Identification of fungal pathogens occurring in eucalypt and pine plantations in Zambia by comparing DNA sequences
D. CHUNGU1,2*, A. MUIMBA-KANKOLONGO2, M. J. WINGFIELD1 and J. ROUX1
1 Department of Microbiology and Plant Pathology, Forestry and Agricultural Biotechnology Institute (FABI), University of Pretoria, Pretoria 0002, South Africa
2 Department of Forest Resources Management, School of Natural Resources, Copperbelt University, PO Box 21692, Kitwe, Zambia
*Corresponding author. E-mail: email@example.com
Commercial forestry plantations in Zambia were initiated during the 1960s. Since then, very little attention has been given to diseases that impact negatively on the production of these plantations.
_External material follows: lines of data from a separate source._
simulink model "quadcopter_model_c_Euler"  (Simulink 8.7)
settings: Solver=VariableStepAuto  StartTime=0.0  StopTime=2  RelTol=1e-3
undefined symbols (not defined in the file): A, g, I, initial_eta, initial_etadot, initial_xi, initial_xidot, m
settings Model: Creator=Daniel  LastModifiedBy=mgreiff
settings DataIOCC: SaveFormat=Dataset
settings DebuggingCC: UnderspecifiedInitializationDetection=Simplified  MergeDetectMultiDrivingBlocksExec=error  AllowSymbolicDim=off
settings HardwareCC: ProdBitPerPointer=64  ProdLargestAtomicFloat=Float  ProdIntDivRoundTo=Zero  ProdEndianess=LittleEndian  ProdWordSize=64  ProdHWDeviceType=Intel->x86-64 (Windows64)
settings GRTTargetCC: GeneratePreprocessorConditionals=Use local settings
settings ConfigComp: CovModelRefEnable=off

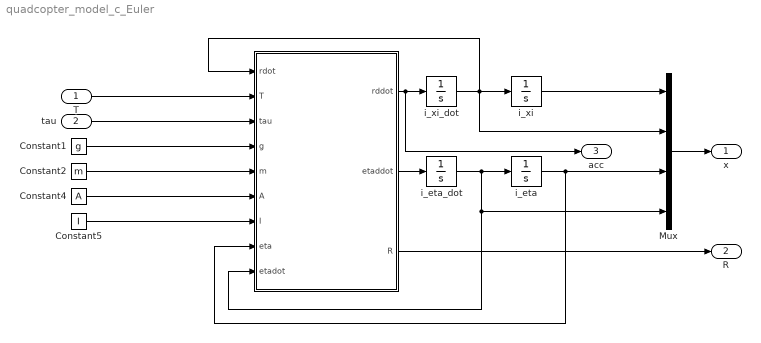
== system quadcopter_model_c_Euler ==
  T : Inport  PortDimensions=1
  tau : Inport  Port=2  PortDimensions=3
  " " : MATLAB Function  TreatAsAtomicUnit=on
  Constant1 : Constant  Value=g
  Constant2 : Constant  Value=m
  Constant4 : Constant  Value=A
  Constant5 : Constant  Value=I
  Mux : Mux
  i_eta : Integrator  InitialCondition=initial_eta
  i_eta_dot : Integrator  InitialCondition=initial_etadot
  i_xi : Integrator  InitialCondition=initial_xi
  i_xi_dot : Integrator  InitialCondition=initial_xidot
  x : Outport
  R : Outport  Port=2
  acc : Outport  Port=3
  wires:
  " "/2(etaddot) -> i_eta_dot/1
  " "/1(rddot) -> acc/1, i_xi_dot/1
  i_xi_dot/1 -> Mux/2, " "/1(rdot), i_xi/1
  i_eta_dot/1 -> i_eta/1, " "/9(etadot), Mux/4
  i_eta/1 -> " "/8(eta), Mux/3
  i_xi/1 -> Mux/1
  Constant4/1 -> " "/6(A)
  Constant2/1 -> " "/5(m)
  Constant1/1 -> " "/4(g)
  Constant5/1 -> " "/7(I)
  " "/3(R) -> R/1
  T/1 -> " "/2(T)
  Mux/1 -> x/1
  tau/1 -> " "/3(tau)

== matlab function   ==
  data: rdot input double; T input double; tau input double; g input double; m input double; A input double; I input double; rddot output double; eta input double; etadot input double; etaddot output double; R output double
function [ rddot,etaddot,R] = quad_acceleration(rdot, T, tau, g, m, A, I, eta, etadot)
    % Equations from Teppo Luukkonen, Modelling and control of quadcopter
    phi = eta(1); theta = eta(2); psi = eta(3); % Roll, pitch, yaw
    phidot = etadot(1); thetadot = etadot(2); psidot = etadot(3); % Roll, pitch, yaw
    
    % Gravity acceleration
    Ga = -g * [0; 0; 1];
    
    % Thrust acceleration
    angM = [cos(psi)*sin(theta)*cos(phi) + sin(psi)*sin(phi);
          sin(psi)*sin(theta)*cos(phi) - cos(psi)*sin(phi);
          cos(theta)*cos(phi)];
    Ta = T/m * angM;
    
    % Drag
    Aa = -1/m * diag(A) * rdot;
    
    rddot = Ga + Ta + Aa; % (21)
    
    % Define the C-matrix as (19)
    Ixx = I(1); Iyy = I(2); Izz = I(3);
    Sphi = sin(phi); Stheta = sin(theta); Spsi = sin(psi);
    Cphi = cos(phi); Ctheta = cos(theta); Cpsi = cos(psi);
    
    C11 = 0;
    C12 = (Iyy - Izz) * (thetadot*Cphi*Sphi + psidot*Sphi^2*Ctheta) + (Izz - Iyy)*psidot*Cphi^2*Ctheta - Ixx*psidot*Ctheta;
    C13 = (Izz - Iyy) * psidot*Cphi*Sphi*Ctheta^2;
    C21 = (Izz - Iyy) * (thetadot*Cphi*Sphi + psidot*Sphi*Ctheta) + (Iyy - Izz)*psidot*Cphi^2*Ctheta - Ixx*psidot*Ctheta;
    C22 = (Izz - Iyy) * phidot*Cphi*Sphi;
    C23 = -Ixx * psidot * Stheta * Ctheta + Iyy * psidot * Sphi^2 * Stheta * Ctheta + Izz * psidot * Cphi^2 * Stheta * Ctheta;
    C31 = (Iyy - Izz) * psidot * Ctheta^2 * Sphi * Cphi - Ixx * thetadot * Ctheta;
    C32 = (Izz - Iyy) * (thetadot * Cphi * Sphi * Stheta + phidot * Sphi^2 * Ctheta) + (Iyy - Izz) * phidot * Cphi^2 * Ctheta...
            + Ixx * psidot * Stheta * Ctheta - Iyy * psidot * Sphi^2 * Stheta * Ctheta - Izz * psi * Cphi^2 * Stheta * Ctheta;
    C33 = (Iyy - Izz) * phidot * Cphi * Sphi * Ctheta^2 - Iyy * thetadot * Sphi^2 * Ctheta * Stheta ...
            - Izz * thetadot * Cphi^2 * Ctheta * Stheta + Ixx * thetadot * Ctheta * Stheta;
    
    C = [C11 C12 C13; C21 C22 C23; C31 C32 C33];

    % (16)
    J11 = Ixx; J12 = 0; J13 = -Ixx*Stheta;
    J21 = 0;
    J22 = Iyy * Cphi^2 + Izz * Sphi^2;
    J23 = (Iyy - Izz) * Cphi * Sphi * Ctheta;
    J31 = -Ixx * Stheta;
    J32 = (Iyy - Izz)*Cphi*Sphi*Ctheta;
    J33 = Ixx * Stheta^2 + Iyy * Sphi^2 * Ctheta^2 + Izz * Cphi^2*Ctheta^2;
    J = [J11 J12 J13; J21 J22 J23; J31 J32 J33];  
    
    persistent etadotm1
    if isempty(etadotm1)
        etadotm1 = zeros(3,1);
    end
    lim = 0.1;
    if abs(Cphi) < lim || abs(Ctheta) < lim
        etaddot = etadotm1;
    else
        etaddot = J\(tau - C*etadot); % (20)
    end
    etadotm1 = etaddot;

    R = [Cpsi*Ctheta, Cpsi*Stheta*Sphi-Spsi*Cphi, Cpsi*Stheta*Cphi + Spsi*Sphi;
        Spsi*Ctheta, Spsi*Stheta*Sphi+Cpsi*Cphi, Spsi*Stheta*Cphi - Cpsi*Sphi;
        -Stheta, Ctheta*Sphi, Ctheta*Cphi];
end

Recent field surveys have highlighted the occurrence and impact of several diseases. This study was undertaken to determine, to species level, the identity of fungal pathogens associated with diseases of eucalypt and pine plantations in the country. Fungal morphology and DNA sequence data of the internal transcribed spacer (ITS) and β-tubulin gene regions were used to characterize isolates. Eleven fungal species were identified of which Teratospheria zuluensis, causing Coniothyrium canker, and Lasiodiplodia theobromae, causing stem canker and die-back on Eucalyptus spp., were the most serious and prevalent. A serious post-emergence damping-off disease of Pinus oocarpa and Pinus kesiya seedlings in nurseries yielded Calonectria pauciramosum. This study, which provides the first detailed species level identification of plantation tree pathogens in Zambia, provides a foundation for future work to develop management strategies aimed at reducing the impact of plantation diseases in the country.